Ironsand also known as iron-sand and iron sand is a type of sand with heavy concentrations of iron. It is typically dark grey or blackish in colour.

It is composed mainly of magnetite, Fe3O4, and also contains small amounts of titanium, silica, manganese, calcium and vanadium.[1]

Ironsand has a tendency to heat up in direct sunlight, causing temperatures high enough to cause minor burns. As such it forms a hazard in New Zealand at popular west-coast surf beaches like Piha.[2]

Occurrence[edit]

Ironsand is found worldwide. Although the iron mineral composition of the ironsand is mostly magnetite, the sand is usually mixed with other types of sand that washes downriver or ashore from mountainous or underwater deposits.[3] The exact composition of the sand mixture may vary drastically even in the same geographic region. In some areas the sand may contain mostly quartz, while in others the sand may be made primarily from volcanic rock such as basalt, depending on the types of minerals along the water's path. The ironsand is typically picked up along the way from beds, veins, or inclusions of magnetite, which may originate a great distance from the sand deposits, and washed downstream or along the currents with the rest of the sand.[4] Being heavier than the other sands, it is often deposited in areas where the water experiences a sudden change in direction or speed, such as the widening of a river or where the waves ebb and flow against the shoreline.[5]
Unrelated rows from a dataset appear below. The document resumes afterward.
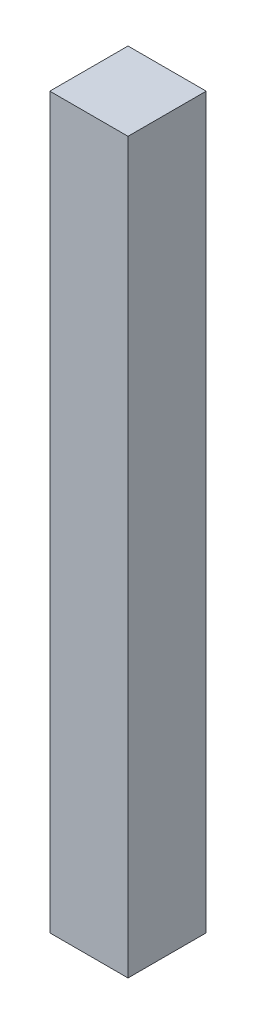
ISO-10303-21;
HEADER;
FILE_DESCRIPTION(('STEP AP214'),'2;1');
FILE_NAME('part.step','',(''),(''),'','','');
FILE_SCHEMA(('AUTOMOTIVE_DESIGN { 1 0 10303 214 1 1 1 1 }'));
ENDSEC;
DATA;
#1=APPLICATION_CONTEXT('core data for automotive mechanical design processes');
#2=APPLICATION_PROTOCOL_DEFINITION('international standard','automotive_design',2000,#1);
#3=PRODUCT_CONTEXT('',#1,'mechanical');
#4=PRODUCT('Part','Part','',(#3));
#5=PRODUCT_RELATED_PRODUCT_CATEGORY('part','',(#4));
#6=PRODUCT_DEFINITION_FORMATION('','',#4);
#7=PRODUCT_DEFINITION_CONTEXT('part definition',#1,'design');
#8=PRODUCT_DEFINITION('design','',#6,#7);
#9=PRODUCT_DEFINITION_SHAPE('','',#8);
#10=(LENGTH_UNIT() NAMED_UNIT(*) SI_UNIT(.MILLI.,.METRE.));
#11=(NAMED_UNIT(*) PLANE_ANGLE_UNIT() SI_UNIT($,.RADIAN.));
#12=(NAMED_UNIT(*) SI_UNIT($,.STERADIAN.) SOLID_ANGLE_UNIT());
#13=UNCERTAINTY_MEASURE_WITH_UNIT(LENGTH_MEASURE(1.E-05),#10,'distance_accuracy_value','');
#14=(GEOMETRIC_REPRESENTATION_CONTEXT(3) GLOBAL_UNCERTAINTY_ASSIGNED_CONTEXT((#13)) GLOBAL_UNIT_ASSIGNED_CONTEXT((#10,
#11,#12)) REPRESENTATION_CONTEXT('',''));
#15=CARTESIAN_POINT('',(0.,0.,0.));
#16=DIRECTION('',(0.,0.,1.));
#17=DIRECTION('',(1.,0.,0.));
#18=AXIS2_PLACEMENT_3D('',#15,#16,#17);
#19=CARTESIAN_POINT('',(-508.,-828.675,1016.));
#20=DIRECTION('',(1.,0.,0.));
#21=DIRECTION('',(0.,0.,-1.));
#22=AXIS2_PLACEMENT_3D('',#19,#20,#21);
#23=PLANE('',#22);
#24=DIRECTION('',(0.,0.,-1.));
#25=VECTOR('',#24,1.);
#26=CARTESIAN_POINT('',(-508.,0.,1016.));
#27=LINE('',#26,#25);
#28=CARTESIAN_POINT('',(-508.,0.,1016.));
#29=VERTEX_POINT('',#28);
#30=CARTESIAN_POINT('',(-508.,0.,927.1));
#31=VERTEX_POINT('',#30);
#32=EDGE_CURVE('E99',#29,#31,#27,.T.);
#33=ORIENTED_EDGE('',*,*,#32,.T.);
#34=DIRECTION('',(0.,1.,0.));
#35=VECTOR('',#34,1.);
#36=CARTESIAN_POINT('',(-508.,-828.675,927.1));
#37=LINE('',#36,#35);
#38=CARTESIAN_POINT('',(-508.,-828.675,927.1));
#39=VERTEX_POINT('',#38);
#40=EDGE_CURVE('E11',#39,#31,#37,.T.);
#41=ORIENTED_EDGE('',*,*,#40,.F.);
#42=DIRECTION('',(0.,0.,-1.));
#43=VECTOR('',#42,1.);
#44=CARTESIAN_POINT('',(-508.,-828.675,1016.));
#45=LINE('',#44,#43);
#46=CARTESIAN_POINT('',(-508.,-828.675,1016.));
#47=VERTEX_POINT('',#46);
#48=EDGE_CURVE('E108',#47,#39,#45,.T.);
#49=ORIENTED_EDGE('',*,*,#48,.F.);
#50=DIRECTION('',(0.,1.,0.));
#51=VECTOR('',#50,1.);
#52=CARTESIAN_POINT('',(-508.,-828.675,1016.));
#53=LINE('',#52,#51);
#54=EDGE_CURVE('E113',#47,#29,#53,.T.);
#55=ORIENTED_EDGE('',*,*,#54,.T.);
#56=EDGE_LOOP('',(#33,#41,#49,#55));
#57=FACE_BOUND('',#56,.T.);
#58=ADVANCED_FACE('F38',(#57),#23,.F.);
#59=CARTESIAN_POINT('',(-508.,-828.675,927.1));
#60=DIRECTION('',(0.,0.,1.));
#61=DIRECTION('',(1.,0.,0.));
#62=AXIS2_PLACEMENT_3D('',#59,#60,#61);
#63=PLANE('',#62);
#64=DIRECTION('',(1.,0.,0.));
#65=VECTOR('',#64,1.);
#66=CARTESIAN_POINT('',(-508.,0.,927.1));
#67=LINE('',#66,#65);
#68=CARTESIAN_POINT('',(-419.1,0.,927.1));
#69=VERTEX_POINT('',#68);
#70=EDGE_CURVE('E103',#31,#69,#67,.T.);
#71=ORIENTED_EDGE('',*,*,#70,.T.);
#72=DIRECTION('',(0.,1.,0.));
#73=VECTOR('',#72,1.);
#74=CARTESIAN_POINT('',(-419.1,-828.675,927.1));
#75=LINE('',#74,#73);
#76=CARTESIAN_POINT('',(-419.1,-828.675,927.1));
#77=VERTEX_POINT('',#76);
#78=EDGE_CURVE('E46',#77,#69,#75,.T.);
#79=ORIENTED_EDGE('',*,*,#78,.F.);
#80=DIRECTION('',(1.,0.,0.));
#81=VECTOR('',#80,1.);
#82=CARTESIAN_POINT('',(-508.,-828.675,927.1));
#83=LINE('',#82,#81);
#84=EDGE_CURVE('E85',#39,#77,#83,.T.);
#85=ORIENTED_EDGE('',*,*,#84,.F.);
#86=ORIENTED_EDGE('',*,*,#40,.T.);
#87=EDGE_LOOP('',(#71,#79,#85,#86));
#88=FACE_BOUND('',#87,.T.);
#89=ADVANCED_FACE('F137',(#88),#63,.F.);
#90=CARTESIAN_POINT('',(-419.1,-828.675,1016.));
#91=DIRECTION('',(-1.,0.,0.));
#92=DIRECTION('',(0.,0.,1.));
#93=AXIS2_PLACEMENT_3D('',#90,#91,#92);
#94=PLANE('',#93);
#95=DIRECTION('',(0.,0.,1.));
#96=VECTOR('',#95,1.);
#97=CARTESIAN_POINT('',(-419.1,0.,1016.));
#98=LINE('',#97,#96);
#99=CARTESIAN_POINT('',(-419.1,0.,1016.));
#100=VERTEX_POINT('',#99);
#101=EDGE_CURVE('E72',#69,#100,#98,.T.);
#102=ORIENTED_EDGE('',*,*,#101,.T.);
#103=DIRECTION('',(0.,1.,0.));
#104=VECTOR('',#103,1.);
#105=CARTESIAN_POINT('',(-419.1,-828.675,1016.));
#106=LINE('',#105,#104);
#107=CARTESIAN_POINT('',(-419.1,-828.675,1016.));
#108=VERTEX_POINT('',#107);
#109=EDGE_CURVE('E119',#108,#100,#106,.T.);
#110=ORIENTED_EDGE('',*,*,#109,.F.);
#111=DIRECTION('',(0.,0.,1.));
#112=VECTOR('',#111,1.);
#113=CARTESIAN_POINT('',(-419.1,-828.675,1016.));
#114=LINE('',#113,#112);
#115=EDGE_CURVE('E111',#77,#108,#114,.T.);
#116=ORIENTED_EDGE('',*,*,#115,.F.);
#117=ORIENTED_EDGE('',*,*,#78,.T.);
#118=EDGE_LOOP('',(#102,#110,#116,#117));
#119=FACE_BOUND('',#118,.T.);
#120=ADVANCED_FACE('F121',(#119),#94,.F.);
#121=CARTESIAN_POINT('',(-508.,-828.675,1016.));
#122=DIRECTION('',(0.,0.,-1.));
#123=DIRECTION('',(-1.,0.,0.));
#124=AXIS2_PLACEMENT_3D('',#121,#122,#123);
#125=PLANE('',#124);
#126=DIRECTION('',(-1.,0.,0.));
#127=VECTOR('',#126,1.);
#128=CARTESIAN_POINT('',(-508.,0.,1016.));
#129=LINE('',#128,#127);
#130=EDGE_CURVE('E78',#100,#29,#129,.T.);
#131=ORIENTED_EDGE('',*,*,#130,.T.);
#132=ORIENTED_EDGE('',*,*,#54,.F.);
#133=DIRECTION('',(-1.,0.,0.));
#134=VECTOR('',#133,1.);
#135=CARTESIAN_POINT('',(-508.,-828.675,1016.));
#136=LINE('',#135,#134);
#137=EDGE_CURVE('E54',#108,#47,#136,.T.);
#138=ORIENTED_EDGE('',*,*,#137,.F.);
#139=ORIENTED_EDGE('',*,*,#109,.T.);
#140=EDGE_LOOP('',(#131,#132,#138,#139));
#141=FACE_BOUND('',#140,.T.);
#142=ADVANCED_FACE('F127',(#141),#125,.F.);
#143=CARTESIAN_POINT('',(0.,-828.675,0.));
#144=DIRECTION('',(0.,-1.,0.));
#145=DIRECTION('',(0.,0.,-1.));
#146=AXIS2_PLACEMENT_3D('',#143,#144,#145);
#147=PLANE('',#146);
#148=CARTESIAN_POINT('',(-463.55,-828.675,971.55));
#149=DIRECTION('',(0.,-1.,0.));
#150=DIRECTION('',(0.,0.,-1.));
#151=AXIS2_PLACEMENT_3D('',#148,#149,#150);
#152=CIRCLE('',#151,6.35000000000002);
#153=CARTESIAN_POINT('',(-463.55,-828.675,965.2));
#154=VERTEX_POINT('',#153);
#155=EDGE_CURVE('E100',#154,#154,#152,.T.);
#156=ORIENTED_EDGE('',*,*,#155,.F.);
#157=EDGE_LOOP('',(#156));
#158=FACE_BOUND('',#157,.T.);
#159=ORIENTED_EDGE('',*,*,#48,.T.);
#160=ORIENTED_EDGE('',*,*,#84,.T.);
#161=ORIENTED_EDGE('',*,*,#115,.T.);
#162=ORIENTED_EDGE('',*,*,#137,.T.);
#163=EDGE_LOOP('',(#159,#160,#161,#162));
#164=FACE_BOUND('',#163,.T.);
#165=ADVANCED_FACE('F129',(#158,#164),#147,.T.);
#166=CARTESIAN_POINT('',(0.,0.,0.));
#167=DIRECTION('',(0.,-1.,0.));
#168=DIRECTION('',(0.,0.,-1.));
#169=AXIS2_PLACEMENT_3D('',#166,#167,#168);
#170=PLANE('',#169);
#171=ORIENTED_EDGE('',*,*,#32,.F.);
#172=ORIENTED_EDGE('',*,*,#130,.F.);
#173=ORIENTED_EDGE('',*,*,#101,.F.);
#174=ORIENTED_EDGE('',*,*,#70,.F.);
#175=EDGE_LOOP('',(#171,#172,#173,#174));
#176=FACE_BOUND('',#175,.T.);
#177=ADVANCED_FACE('F93',(#176),#170,.F.);
#178=CARTESIAN_POINT('',(-463.55,-824.611,971.55));
#179=DIRECTION('',(0.,-1.,0.));
#180=DIRECTION('',(0.,0.,-1.));
#181=AXIS2_PLACEMENT_3D('',#178,#179,#180);
#182=CONICAL_SURFACE('',#181,6.35000000000002,1.02974425867665);
#183=CARTESIAN_POINT('',(-463.55,-820.795535069175,971.55));
#184=VERTEX_POINT('',#183);
#185=VERTEX_LOOP('',#184);
#186=FACE_BOUND('',#185,.T.);
#187=CARTESIAN_POINT('',(-463.55,-824.611,971.55));
#188=DIRECTION('',(0.,-1.,0.));
#189=DIRECTION('',(0.,0.,-1.));
#190=AXIS2_PLACEMENT_3D('',#187,#188,#189);
#191=CIRCLE('',#190,6.35000000000002);
#192=CARTESIAN_POINT('',(-463.55,-824.611,965.2));
#193=VERTEX_POINT('',#192);
#194=EDGE_CURVE('E97',#193,#193,#191,.T.);
#195=ORIENTED_EDGE('',*,*,#194,.T.);
#196=EDGE_LOOP('',(#195));
#197=FACE_BOUND('',#196,.T.);
#198=ADVANCED_FACE('F89',(#186,#197),#182,.F.);
#199=CARTESIAN_POINT('',(-463.55,-828.675,971.55));
#200=DIRECTION('',(0.,-1.,0.));
#201=DIRECTION('',(0.,0.,-1.));
#202=AXIS2_PLACEMENT_3D('',#199,#200,#201);
#203=CYLINDRICAL_SURFACE('',#202,6.35000000000002);
#204=ORIENTED_EDGE('',*,*,#194,.F.);
#205=EDGE_LOOP('',(#204));
#206=FACE_BOUND('',#205,.T.);
#207=ORIENTED_EDGE('',*,*,#155,.T.);
#208=EDGE_LOOP('',(#207));
#209=FACE_BOUND('',#208,.T.);
#210=ADVANCED_FACE('F92',(#206,#209),#203,.F.);
#211=CLOSED_SHELL('',(#58,#89,#120,#142,#165,#177,#198,#210));
#212=MANIFOLD_SOLID_BREP('B2',#211);
#213=ADVANCED_BREP_SHAPE_REPRESENTATION('',(#18,#212),#14);
#214=SHAPE_DEFINITION_REPRESENTATION(#9,#213);
ENDSEC;
END-ISO-10303-21;

The ironsand is mixed with the other sands as small grains of black or dark-blue magnetite. Sand used for mining typically had anywhere from 19% magnetite to as low as 2%. The ironsand typically had to be separated from the sand mixture. Because the magnetite is usually heavier than quartz, feldspar or other minerals, separation was usually done by washing it in sluice boxes (a method similar to gold panning but on a larger scale). Sluice separation typically yielded concentrations of magnetite ranging from 30 to 50%, depending on the type of sand and the method used. In the early 20th century a process of magnetic separation was developed that could produce concentrations as high as 70%.[6] Once concentrated, the magnetite grains could then be smelted into various forms of iron, but the loose, granular nature of the ore was impossible to process using common methods of iron or steel production. Thus, innovative methods of smelting the ore were developed. The magnetite grains, however, often contain other metal impurities, such as chromium, arsenic, or titanium.[7] Due to the nature of the sand the mining operations were rarely stationary, but frequently moved from place to place.[8]

Europe[edit]

Ironsand is found many places in Europe, although it was rarely used for smelting. It is often found in association with volicanic or basaltic sands. For example, it is found in Tenerife, Spain, where the magnetite grains contain a very high amount of titanium and other impurities. The typical composition is 79.2% iron oxide, 14.6% titanium dioxide, 1.6% manganese oxide, 0.8% silica and aluminum oxide, and trace amounts of chromium. It can also be found in the River Dee, in Aberdeenshire, Scotland, containing 85.3% iron oxide, 9.5% titanium dioxide, 1.0% arsenic, and 1.5% silica and aluminum oxide.[9]

United States[edit]

Ironsand is found extensively around the US, especially in the area of New York, Southern California, New England, and the Great Lakes, where it is often mixed with a feldspar sand and sometimes bright grains of garnet. The magnetite from these areas often contains high amounts of chromium and titanium.[10] In the 19th century ironsand was sometimes used as blotter sand for concrete and masonry work, or rarely used as raw material for steel production; one blacksmith in Connecticut used it for making bar stock.[11]

New Zealand[edit]

Ironsand occurs extensively on the west coast of New Zealand's North Island.[12] The sand makes up a large portion of the black-sand beaches on the North Island, as well as the surrounding sea floor. The magnetite in the sand contains fairly large quantities of titanium, and is sometimes referred to as titanomagnetite. It was produced from volcanic eruptions that occurred in the Pleistocene epoch, and is formed due to the oceanic erosion of the volcanic rock which is washed ashore by the waves to form the dunes of the black beaches. The magnetite is mixed with sand made from andesite and rhyolite.[13] The sand mixture typically contains 5 to 40% magnetite.[14]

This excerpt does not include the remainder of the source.